## Work instructions
Find the word "units" below. Copy each line that has it.

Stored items
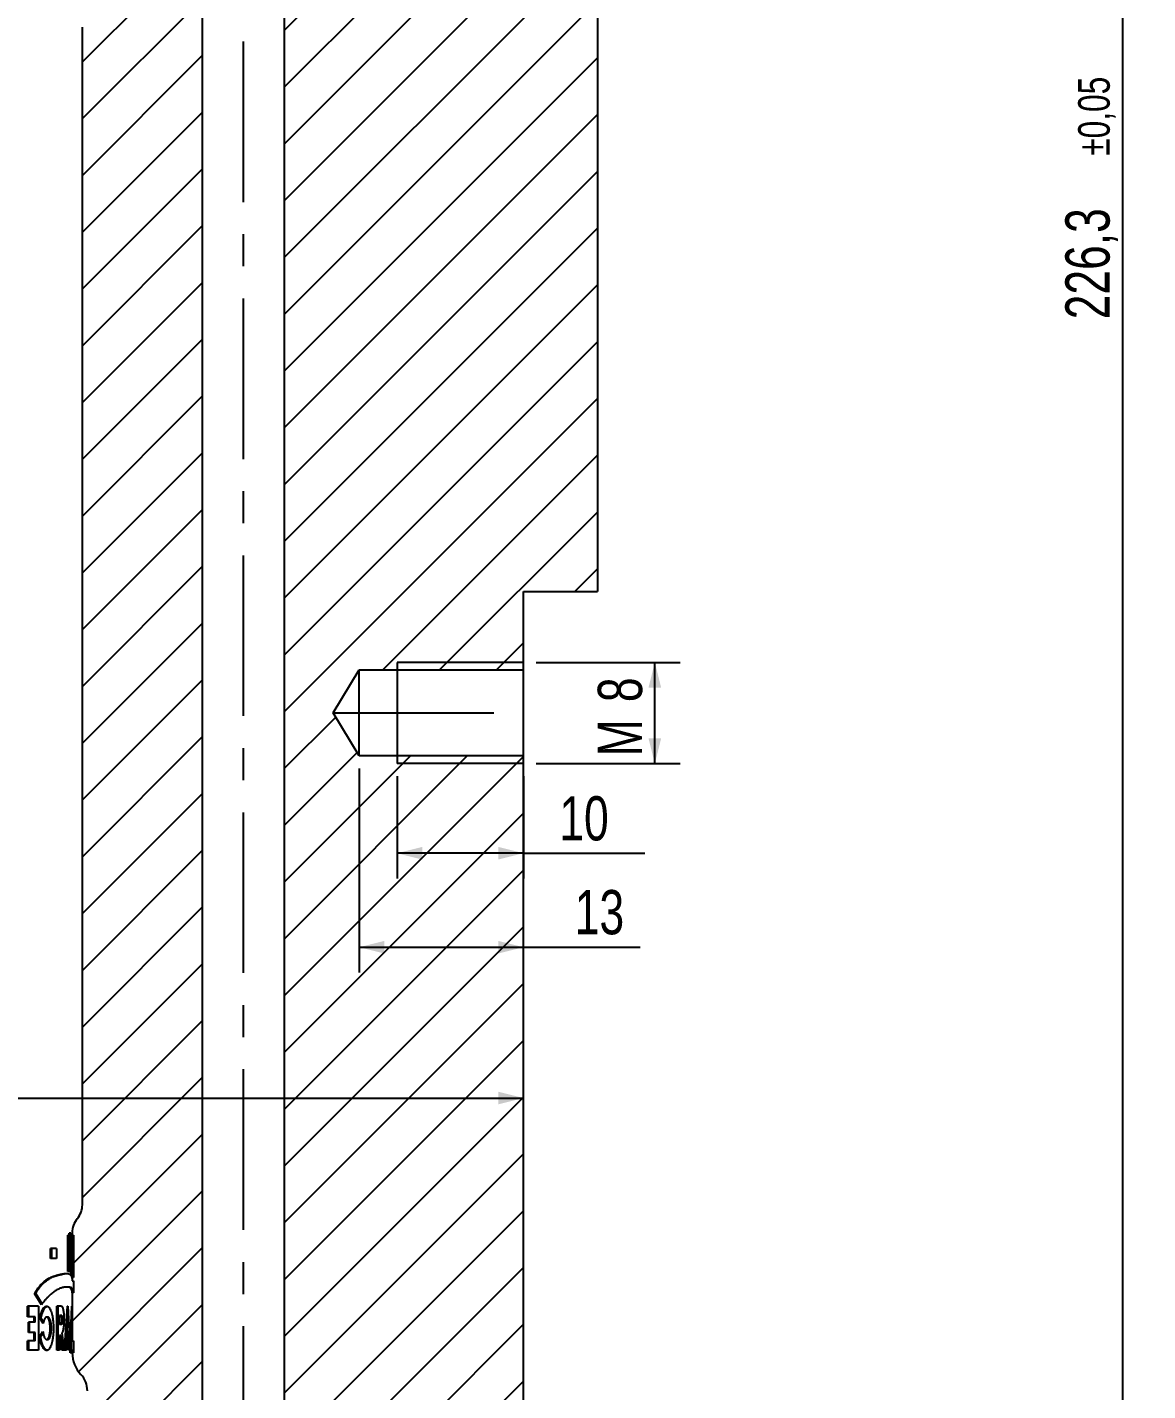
# Model space of a CAD drawing. Header units: millimetres. Extents: x 8 to 862, y 8 to 585.
# Drawn here: x 385.1 to 473.7, y 221.5 to 329.4 of the extents above; entities that cross this region are included whole.
import ezdxf

# ---------------------------------------------------------------- set-up
doc = ezdxf.new("R2010")
doc.units = ezdxf.units.MM
doc.linetypes.add('CENTERX2', pattern=[20.32, 12.7, -2.54, 2.54, -2.54])
for name, color, linetype in [('CENTERLINE', 4, 'CENTERX2'), ('DETAIL', 3, 'Continuous'), ('DIMENSIONS', 2, 'Continuous'), ('HATCH', 3, 'Continuous')]:
    doc.layers.add(name, color=color, linetype=linetype)
doc.layers.add('OUTLINE', color=7, linetype='Continuous', lineweight=25)
doc.styles.add('SLDTEXTSTYLE0', font='TXT', dxfattribs={"width": 0.75})
doc.dimstyles.new('SLDDIMSTYLE2', dxfattribs={"dimtxt": 3.5, "dimasz": 2, "dimexe": 0, "dimexo": 0.0625, "dimgap": 0.875, "dimtad": 1, "dimrnd": 1e-09, "dimzin": 12, "dimdsep": 46, "dimtxsty": 'SLDTEXTSTYLE0', "dimsah": 1, "dimcen": 0.09, "dimadec": 0, "dimazin": 3, "dimtfac": 1, "dimtofl": 0, "dimtmove": 0, "dimatfit": 3, "dimfxl": 0, "dimfrac": 2, "dimtolj": 1, "dimtzin": 12, "dimarcsym": 0})
doc.dimstyles.new('SLDDIMSTYLE3', dxfattribs={"dimtxt": 3.5, "dimasz": 2, "dimexe": 0, "dimexo": 0.0625, "dimgap": 0.875, "dimtad": 1, "dimrnd": 1e-09, "dimzin": 12, "dimdsep": 46, "dimtxsty": 'SLDTEXTSTYLE0', "dimsah": 1, "dimcen": 0.09, "dimadec": 0, "dimazin": 3, "dimtol": 1, "dimtp": 0.05, "dimtm": 0.05, "dimtfac": 1, "dimtofl": 0, "dimtmove": 0, "dimatfit": 3, "dimfxl": 0, "dimfrac": 2, "dimtolj": 1, "dimarcsym": 0})

# ---------------------------------------------------------------- blocks, each defined once
blk = doc.blocks.new('_D_25')
at = {"layer": 'DIMENSIONS'}
for p, q in [((425.36, 279.13), (436.74, 279.13)), ((434.74, 271.13), (434.74, 279.13)), ((425.36, 271.13), (436.74, 271.13))]:
    blk.add_line(p, q, dxfattribs=at)
for points in [[(434.74, 279.13), (434.24, 277.13), (435.24, 277.13)], [(434.74, 271.13), (435.24, 273.13), (434.24, 273.13)]]:
    blk.add_solid(points, dxfattribs=at)
at = {"layer": 'DIMENSIONS', "char_height": 3.5, "attachment_point": 1, "rotation": 90, "style": 'SLDTEXTSTYLE0'}
for s, insert in [('8', (430.23, 275.99)), ('M', (430.23, 271.7))]:
    blk.add_mtext(s, dxfattribs=dict(at, insert=insert))
blk = doc.blocks.new('_D_30')
at = {"layer": 'DIMENSIONS'}
for p, q in [((435.59, 429.83), (473.7, 429.83)), ((471.7, 429.83), (471.7, 203.54)), ((389.23, 203.54), (473.7, 203.54))]:
    blk.add_line(p, q, dxfattribs=at)
for points in [[(471.7, 429.83), (471.2, 427.83), (472.2, 427.83)], [(471.7, 203.54), (472.2, 205.54), (471.2, 205.54)]]:
    blk.add_solid(points, dxfattribs=at)
at = {"layer": 'DIMENSIONS', "attachment_point": 1, "rotation": 90, "style": 'SLDTEXTSTYLE0'}
for s, insert, char_height in [('±0,05', (468.2, 319.19), 2.5), ('226,3', (467.19, 306.26), 3.5)]:
    blk.add_mtext(s, dxfattribs=dict(at, insert=insert, char_height=char_height))
blk = doc.blocks.new('_D_35')
at = {"layer": 'DIMENSIONS'}
for p, q in [((414.36, 270.13), (414.36, 262.04)), ((424.36, 270.13), (424.36, 262.04)), ((424.36, 264.04), (414.36, 264.04)), ((424.36, 264.04), (433.95, 264.04))]:
    blk.add_line(p, q, dxfattribs=at)
for points in [[(414.36, 264.04), (416.36, 263.54), (416.36, 264.54)], [(424.36, 264.04), (422.36, 264.54), (422.36, 263.54)]]:
    blk.add_solid(points, dxfattribs=at)
at = {"layer": 'DIMENSIONS', "insert": (427.19, 268.55), "char_height": 3.5, "attachment_point": 1, "style": 'SLDTEXTSTYLE0'}
blk.add_mtext('10', dxfattribs=at)
blk = doc.blocks.new('_D_36')
at = {"layer": 'DIMENSIONS'}
blk.add_line((284.06, 244.68), (424.36, 244.68), dxfattribs=at)
for points in [[(284.06, 244.68), (286.06, 244.18), (286.06, 245.18)], [(424.36, 244.68), (422.36, 245.18), (422.36, 244.18)]]:
    blk.add_solid(points, dxfattribs=at)
at = {"layer": 'DIMENSIONS', "insert": (325.47, 249.2), "char_height": 3.5, "attachment_point": 1, "style": 'SLDTEXTSTYLE0'}
blk.add_mtext('140,3', dxfattribs=at)
blk = doc.blocks.new('_D_42')
at = {"layer": 'DIMENSIONS'}
for p, q in [((411.36, 270.73), (411.36, 254.61)), ((411.36, 256.61), (424.36, 256.61)), ((424.36, 256.61), (433.58, 256.61))]:
    blk.add_line(p, q, dxfattribs=at)
for points in [[(411.36, 256.61), (413.36, 256.11), (413.36, 257.11)], [(424.36, 256.61), (422.36, 257.11), (422.36, 256.11)]]:
    blk.add_solid(points, dxfattribs=at)
at = {"layer": 'DIMENSIONS', "insert": (428.41, 261.13), "char_height": 3.5, "attachment_point": 1, "style": 'SLDTEXTSTYLE0'}
blk.add_mtext('13', dxfattribs=at)

msp = doc.modelspace()

# ---------------------------------------------------------------- hatches: boundary and pattern name
at = {"layer": 'HATCH'}
h = msp.add_hatch(dxfattribs=at)
h.set_pattern_fill('ANSI31', color=256, angle=3e-322, style=0)
edge = h.paths.add_edge_path(flags=0)
edge.add_arc((427.20884, 176.08726), 3, 270, 360)
edge.add_line((430.20884, 176.08726), (430.20884, 204.63342))
edge.add_line((430.20884, 204.63342), (424.35884, 204.63342))
edge.add_line((424.35884, 204.63342), (424.35884, 271.73342))
edge.add_line((424.35884, 271.73342), (411.35884, 271.73342))
edge.add_line((411.35884, 271.73342), (409.31591, 275.13342))
edge.add_line((409.31591, 275.13342), (411.35884, 278.53342))
edge.add_line((411.35884, 278.53342), (424.35884, 278.53342))
edge.add_line((424.35884, 278.53342), (424.35884, 284.73342))
edge.add_line((424.35884, 284.73342), (430.20884, 284.73342))
edge.add_line((430.20884, 284.73342), (430.20884, 333.84078))
edge.add_arc((427.20884, 333.84078), 3, 0, 45)
edge.add_line((429.33016, 335.9621), (419.15884, 346.13342))
edge.add_line((419.15884, 346.13342), (419.15884, 410.83342))
edge.add_line((419.15884, 410.83342), (419.15884, 429.83342))
edge.add_line((419.15884, 429.83342), (405.45884, 429.83342))
edge.add_line((405.45884, 429.83342), (405.45884, 173.08726))
edge.add_line((405.45884, 173.08726), (427.20884, 173.08726))
h = msp.add_hatch(dxfattribs=at)
h.set_pattern_fill('ANSI31', color=256, angle=3e-322, style=0)
edge = h.paths.add_edge_path(flags=0)
edge.add_line((388.78384, 230.23593), (388.78384, 229.26922))
edge.add_line((388.78384, 229.26922), (388.68385, 229.26923))
edge.add_line((388.68385, 229.26923), (388.68384, 225.47994))
edge.add_line((388.68384, 225.47994), (388.78384, 225.47994))
edge.add_line((388.78384, 225.47994), (388.78384, 224.54337))
edge.add_line((388.78384, 224.54337), (388.68384, 224.54337))
edge.add_line((388.68384, 224.54337), (388.68384, 224.53726))
edge.add_arc((391.18384, 224.53726), 2.5, 180, 223.602819)
edge.add_arc((388.03384, 221.53726), 1.85, 0, 43.602819, ccw=False)
edge.add_line((389.88384, 221.53726), (389.88384, 216.03726))
edge.add_arc((341.88384, 216.03726), 48, 350.2674359, 360, ccw=False)
edge.add_line((389.193, 207.92288), (389.37641, 207.46682))
edge.add_arc((388.54141, 207.13101), 0.9, -43.5219777, 21.9081319, ccw=False)
edge.add_line((389.19401, 206.51124), (388.8555, 206.1548))
edge.add_arc((341.88384, 216.03726), 48, 344.9052129, 348.1187183, ccw=False)
edge.add_line((388.22766, 203.53726), (398.95884, 199.63143))
edge.add_line((398.95884, 199.63143), (398.95884, 340.46779))
edge.add_line((398.95884, 340.46779), (389.75694, 339.5348))
edge.add_spline(control_points=[(389.75694, 339.5348), (389.7625, 339.47405), (389.77646, 339.31619), (389.81624, 338.82264), (389.86746, 337.9568), (389.88384, 337.1877), (389.88384, 336.75441)], knot_values=[0.920520432, 0.920520432, 0.920520432, 0.920520432, 0.925733333, 0.934066667, 0.962866667, 1, 1, 1, 1], weights=[1, 1, 1, 1, 1, 1, 1], degree=3, periodic=0)
edge.add_line((389.88384, 336.75441), (389.88384, 331.85461))
edge.add_arc((384.88384, 331.85461), 5, 342.5409116, 360, ccw=False)
edge.add_line((389.6535, 330.35448), (389.62205, 330.25448))
edge.add_arc((392.48384, 329.35441), 3, 162.5409116, 180)
edge.add_line((389.48384, 329.35441), (389.48384, 236.23726))
edge.add_arc((387.77134, 236.23726), 1.7125, 320.033787, 360, ccw=False)
edge.add_arc((390.39634, 234.03726), 1.7125, 140.033787, 180)
edge.add_line((388.68384, 234.03726), (388.68384, 233.83726))
edge.add_line((388.68384, 233.83726), (388.78384, 233.83726))
edge.add_line((388.78384, 233.83726), (388.78384, 230.496))
edge.add_line((388.78384, 230.496), (388.68384, 230.496))
edge.add_line((388.68384, 230.496), (388.68384, 230.23593))
edge.add_line((388.68384, 230.23592), (388.78384, 230.23592))

# ---------------------------------------------------------------- linework, layer by layer
at = {"layer": 'CENTERLINE'}
for p, q in [((402.20884, 429.83342), (402.20884, 170.07391)), ((409.31591, 275.13342), (424.44859, 275.13342))]:
    msp.add_line(p, q, dxfattribs=at)
at = {"layer": 'DETAIL'}
for p, q in [((424.35884, 279.13342), (414.35884, 279.13342)), ((414.35884, 279.13342), (414.35884, 271.13342)), ((424.35884, 279.13342), (414.35884, 279.13342)), ((414.35884, 279.13342), (414.35884, 271.13342)), ((424.35884, 271.13342), (414.35884, 271.13342)), ((424.35884, 271.13342), (414.35884, 271.13342))]:
    msp.add_line(p, q, dxfattribs=at)
at = {"layer": 'OUTLINE'}
for p, q in [((405.45884, 173.08726), (405.45884, 429.83342)), ((398.95884, 340.46779), (398.95884, 199.63143)), ((430.20884, 333.84078), (430.20884, 284.73342)), ((389.48384, 236.23726), (389.48384, 329.35441)), ((424.35884, 284.73342), (430.20884, 284.73342)), ((424.35884, 278.53342), (424.35884, 284.73342)), ((409.31592, 275.13342), (411.35884, 278.53342)), ((411.35884, 278.53342), (424.35884, 278.53342)), ((411.35884, 271.73342), (411.35884, 278.53342)), ((424.35884, 271.73342), (424.35884, 278.53342)), ((411.35884, 271.73342), (409.31592, 275.13342)), ((424.35884, 271.73342), (411.35884, 271.73342)), ((424.35884, 204.63342), (424.35884, 271.73342)), ((388.57552, 234.00173), (388.45337, 234.00173)), ((388.45337, 233.62423), (388.45337, 234.00173)), ((388.55273, 233.62423), (388.55273, 234.00173)), ((388.57552, 234.00173), (388.57552, 233.62423)), ((388.68384, 234.03726), (388.68384, 233.83726)), ((388.41941, 233.83726), (388.33566, 233.83726)), ((388.33566, 230.97868), (388.33566, 233.83726)), ((388.43469, 230.97868), (388.43469, 233.68751)), ((388.57552, 233.62423), (388.45337, 233.62423)), ((388.6348, 233.83726), (388.58626, 233.83726)), ((388.58626, 232.00238), (388.58626, 233.83726)), ((388.6348, 233.83726), (388.6348, 230.76917)), ((388.68384, 233.83726), (388.64566, 233.83726)), ((388.64566, 232.98764), (388.64566, 233.83726)), ((388.68037, 232.98764), (388.64566, 232.98764)), ((388.68037, 232.48201), (388.68037, 232.98764)), ((388.68037, 232.98764), (388.78036, 232.98764)), ((388.68384, 233.83726), (388.78384, 233.83726)), ((388.74555, 232.98764), (388.74555, 233.83726)), ((388.78036, 232.48201), (388.78036, 232.98764)), ((388.78384, 233.83726), (388.78384, 230.496)), ((387.45298, 232.79298), (386.97786, 232.79298)), ((386.97786, 232.00343), (386.97786, 232.79298)), ((387.45298, 232.00343), (386.97786, 232.00343)), ((387.07311, 232.00343), (387.07311, 232.79298)), ((387.45298, 232.79298), (387.45298, 232.00343)), ((388.46091, 232.17707), (388.46091, 230.97868)), ((388.57552, 230.87711), (388.46091, 232.17707)), ((388.46091, 232.17707), (388.56029, 232.17707)), ((388.6348, 231.33429), (388.56029, 232.17707)), ((388.58626, 232.00238), (388.6348, 232.00238)), ((388.68037, 232.48201), (388.65367, 232.48201)), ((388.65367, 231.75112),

## Result of this exercise
# Model space of a CAD drawing. Header units: millimetres. Extents: x 8 to 862, y 8 to 585.
doc.units = ezdxf.units.MM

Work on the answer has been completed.